Figure 10.9. It begins with bacterial hydrolysis of the algal biomass. Organic polymers, such as lipids, carbo­hydrates, and proteins, are first broken down to soluble derivatives, which are further fractionated into carbon dioxide, hydrogen, ammonia, and organic acids by acidogenic bacteria. Acetogenic bacteria then convert these resulting organic acids into acetic acid, along with additional ammonia, hydrogen, and carbon diox­ide. Finally, methanogens convert these products to methane and carbon dioxide. Regardless of operating conditions and species, the proportion of methane in the biogas produced for the majority of studies falls in the range 69—75%. Anaerobic digestion is an effective process for biological oxygen demand removal, but it is not effective for nutrient removal. Thus, there is a need for further treatment of effluent from anaerobic di­gesters before it can be discharged into the environment. The nutrient-rich digestate also produced can be used as fertilizer. This process of converting microalgae to CH4 is dependent on several key metrics, namely (1) pH, (2) retention time, (3) mixing, (4) composition of the biomass and (5) composition of the surrounding milieu.

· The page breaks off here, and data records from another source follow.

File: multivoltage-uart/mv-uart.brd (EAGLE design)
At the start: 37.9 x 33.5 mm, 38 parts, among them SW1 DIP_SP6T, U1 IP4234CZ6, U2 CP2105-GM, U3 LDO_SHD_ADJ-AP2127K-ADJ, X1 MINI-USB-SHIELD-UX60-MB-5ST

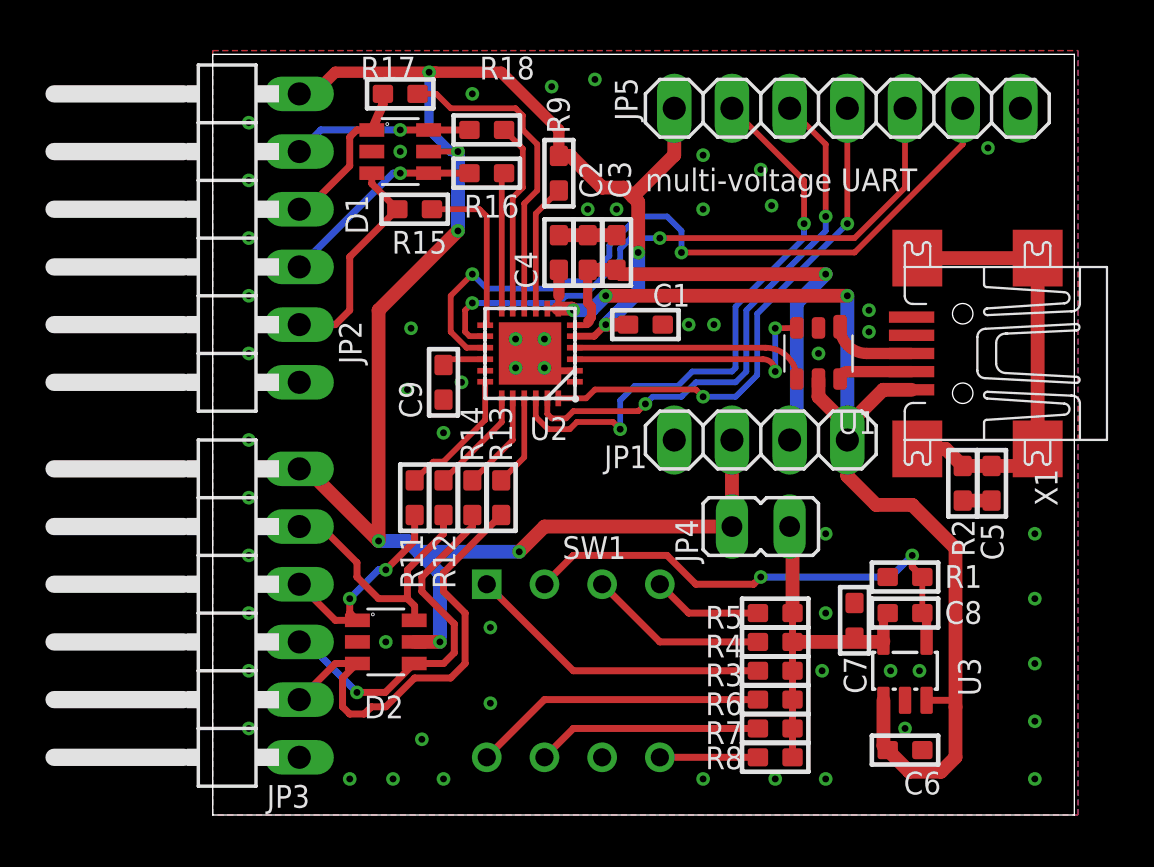
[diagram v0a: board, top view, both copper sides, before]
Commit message: mvuart: align JP2 in 0.1' grid with JP3 (solves OSM#3037)
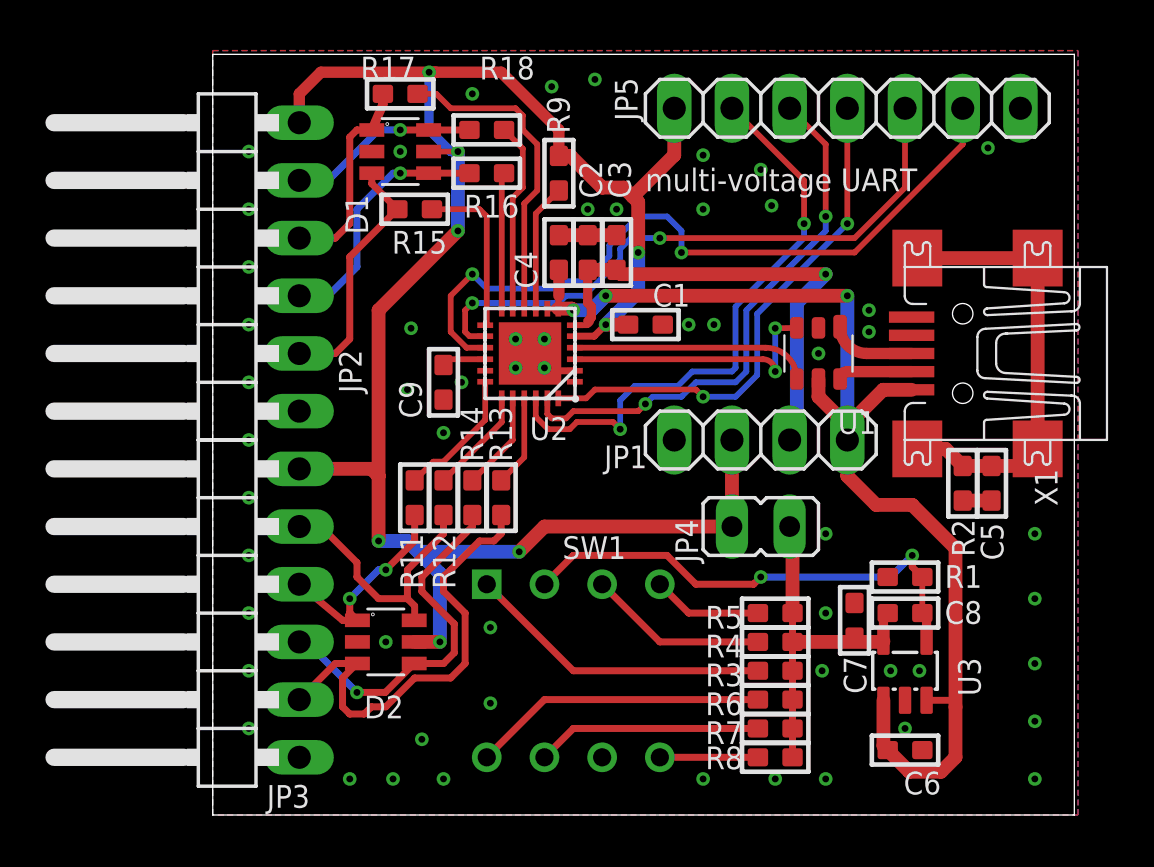
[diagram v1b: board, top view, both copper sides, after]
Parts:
- moved JP2 1.27 mm to (0.00, 24.1)
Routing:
- net CTS_ECI: track 7.08 -> 9.09 mm
- net RXD_ECI: track 9.20 -> 11.2 mm
- net TXD_ECI: track 9.85 -> 11.1 mm
- net RTS_ECI: track 7.89 -> 8.42 mm

One of the most important factors influencing CH4 biogas production from algal biomass has been reported to be pH. At high pH, due to high alkalinity from NH3 release, the gas production will shift toward CH4. The oxidation state of the biomass also affects biogas quality, which in turn drives the proportion of methane released (Sialve et al., 2009). Due to lowered content of sulfated amino acids, the microalgal biomass digestion releases a lower amount of hydrogen sulfide than do other types of organic substrates (Becker, 1988). The composition of the microalgal feedstock also affects biomethane yields. The relatively high lipid, starch, and protein contents and the absence of lignin make microalgae an ideal candidate for efficient biomethane production via fermentation in biogas plants. Theoretically, higher

cellular lipid contents will result in higher methane yields. Thus lipid-rich microalgae make attractive sub­strates for anaerobic digestion, as they have a higher gas production potential when compared to carbohy­drates and proteins (Li et al., 2002; Cirne et al., 2007). The hydraulic and solid retention time is another key metric in the anaerobic process. The hydraulic and solid retention time is a measure of the average length of the time that a soluble compound remains in a constructed bioreactor. Retention times should be sufficiently high to allow active bacterial populations (e. g. methanogens) to remain in the reactor yet not limit hydrolysis, which is considered to be the rate-limiting step in the overall con­version of complex substrates to methane. Moreover, optimal loading rates and hydraulic retention times must be enhanced to ensure efficient conversion of organic matter, and will depend on algal substrate composition and accessibility.